• _Your assignment_
For the data below, please report each line where the word "vertical" is found.

== Segment start ==

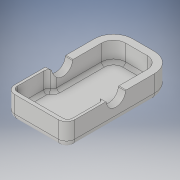
# Autodesk Inventor part: Component 27 (Bracket Cover)
Saved by Autodesk Inventor 2018 (Build 220112000, 112)
## iProperties
Created: 2023-03-30
Part Number: Component 27 (Bracket Cover)
Material: Generic
Document SubType Name: Modeling
Designer: Habib Mohamed
Density: 1 g/cm^3
Appearance: Default
Author: Habib Mohamed
Autodesk Inventor part; units mm, degrees
ref_plane "YZ Plane" through (0, 0, 0) normal (1, 0, 0) x (0, 1, 0)
ref_plane "XZ Plane" through (0, 0, 0) normal (0, 1, 0) x (-1, 0, 0)
ref_plane "XY Plane" through (0, 0, 0) normal (0, 0, 1) x (1, 0, 0)
sketch "Sketch1" plane through (0, 0, 0) normal (0, 1, 0) x (-1, 0, 0)
  line L0 (9, 22.25) -> (-9, 22.25)
  line L1 (-12.5, 18.75) -> (-12.5, -14.25)
  line L2 (-4.5, -22.25) -> (4.5, -22.25)
  line L3 (12.5, -14.25) -> (12.5, 18.75)
  line L4 (12.5, 22.25) -> (-12.5, -22.25) construction
  line L5 (-12.5, 22.25) -> (12.5, -22.25) construction
  line L6 (4.5, -19.25) -> (-4.5, -19.25)
  line L7 (-9.5, -14.25) -> (-9.5, 4.2859)
  line L8 (-11.5, 8.2009) -> (-11.5, 18.75)
  line L9 (-9.5, 20.75) -> (9.5, 20.75)
  line L10 (11.5, 18.75) -> (11.5, 7.75)
  line L11 (9.5, 4.2859) -> (9.5, -14.25)
  arc A0 (4.5, -22.25) -> (12.5, -14.25) centre (4.5, -14.25) ccw
  arc A1 (-12.5, -14.25) -> (-4.5, -22.25) centre (-4.5, -14.25) ccw
  arc A2 (12.5, 18.75) -> (9, 22.25) centre (9, 18.75) ccw
  arc A3 (-9, 22.25) -> (-12.5, 18.75) centre (-9, 18.75) ccw
  arc A4 (4.5, -19.25) -> (9.5, -14.25) centre (4.5, -14.25) ccw
  arc A5 (-9.5, -14.25) -> (-4.5, -19.25) centre (-4.5, -14.25) ccw
  arc A6 (11.5, 18.75) -> (9.5, 20.75) centre (9.5, 18.75) ccw
  arc A7 (-9.5, 20.75) -> (-11.5, 18.75) centre (-9.5, 18.75) ccw
  arc A8 (10.5, 6.0179) -> (11.5, 7.75) centre (9.5, 7.75) ccw
  arc A9 (10.5, 6.0179) -> (9.5, 4.2859) centre (11.5, 4.2859) ccw
  line L12 (0, 0) -> (0, -13.5024) construction
  arc A10 (-11.5, 7.75) -> (-10.5, 6.0179) centre (-9.5, 7.75) ccw
  arc A11 (-9.5, 4.2859) -> (-10.5, 6.0179) centre (-11.5, 4.2859) ccw
  line L13 (-11.5, 7.75) -> (-11.5, 8.2718)
  dimension "d0" = 25
  dimension "d1" = 44.5
  dimension "d2" = 8
  dimension "d3" = 3.5
  dimension "d4" = 5
  dimension "d5" = 2
  dimension "d6" = 3
  dimension "d7" = 1.5
  dimension "d8" = 1
  dimension "d9" = 1
  dimension "d10" = 3
  dimension "d11" = 3
  dimension "d12" = 4
  dimension "d13" = 4
  dimension "d14" = 11
  constraints: 28 end point, 24 point on circle, 19 tangent, 12 centre point, 9 point on line, 4 equal radius, 4 perpendicular, 3 parallel, 3 symmetric about line, 2 horizontal, 2 midpoint, 1 vertical, 2 other
  measures "d0" distance of L4.end L5.end
  measures "d1" distance of L5.end L4.start
  measures "d2" radius of A0
  measures "d3" radius of A2
  measures "d4" radius of A4
  measures "d5" radius of A6
  measures "d6" distance between parallel lines of L2 L6
  measures "d7" distance between parallel lines of L0 L9
  measures "d8" distance between parallel lines of L3 L10
  measures "d9" distance between parallel lines of L1 L8
  measures "d10" distance between parallel lines of L1 L7
  measures "d11" distance between parallel lines of L3 L11
  measures "d12" diameter of A9
  measures "d13" diameter of A8
  measures "d14" vertical distance of L10.start A8.centre
extrude "Extrusion1" add sketch "Sketch1" along normal blind 10 contours A2 L3 A0 L2 A1 L1 A3 L0 | L6 A5 L7 A11 A10 L13 L8 A7 L9 A6 L10 A8 A9 L11 A4
extrude "Extrusion3" cut sketch "Sketch1" against normal blind 8 from surface at 10 contours L6 A5 L7 A11 A10 L13 L8 A7 L9 A6 L10 A8 A9 L11 A4
sketch "Sketch2" plane through (0, 0, 0) normal (1, 0, 0) x (0, 1, 0)
  circle A0 centre (10, 1.75) radius 4
  line L0 (0, -22.25) -> (0, 22.25) construction
  line L1 (0, 22.25) -> (10, 22.25) construction
  line L2 (10, 22.25) -> (10, 20.75) construction
  line L3 (10, 20.75) -> (2, 20.75) construction
  line L4 (2, 20.75) -> (2, -19.25) construction
  line L5 (2, -19.25) -> (10, -19.25) construction
  line L6 (10, -19.25) -> (10, -22.25) construction
  line L7 (10, -22.25) -> (0, -22.25) construction
  point P0 (0, 0)
  dimension "d21" = 8
  dimension "d22" = 24
  dimension "d23" = 10
  constraints: 1 centre point
  measures "d21" diameter of A0
  measures "d22" distance from line of L7 A0.centre
  measures "d23" distance from line of L0 A0.centre
extrude "Extrusion4" cut sketch "Sketch2" along normal mid plane 78.5
fillet "Fillet1" radius 1.25 14 edges at (-9.7679, 2, 5.2859) (-11.2321, 2, 6.75) (-11.5, 2, 13.25) (-10.9142, 2, 20.1642) (0, 2, 20.75) (10.9142, 2, 20.1642) (11.5, 2, 13.25) (11.2321, 2, 6.75) (9.7679, 2, 5.2859) (9.5, 2, -4.9821) (8.0355, 2, -17.7855) (0, 2, -19.25) (-8.0355, 2, -17.7855) (-9.5, 2, -4.9821)
fillet "Fillet2" radius 3 8 edges at (10.1569, 0, -19.9069) (0, 0, -22.25) (-10.1569, 0, -19.9069) (-12.5, 0, 2.25) (-11.4749, 0, 21.2249) (0, 0, 22.25) (11.4749, 0, 21.2249) (12.5, 0, 2.25)
fillet "Fillet3" radius 0.25 4 edges at (-11.3187, 10, 5.75) (-11, 10, -2.25) (11.3187, 10, 5.75) (11, 10, -2.25)
body "Solid1"

== Segment end ==

• _Task solution_
  constraints: 28 end point, 24 point on circle, 19 tangent, 12 centre point, 9 point on line, 4 equal radius, 4 perpendicular, 3 parallel, 3 symmetric about line, 2 horizontal, 2 midpoint, 1 vertical, 2 other
  measures "d14" vertical distance of L10.start A8.centre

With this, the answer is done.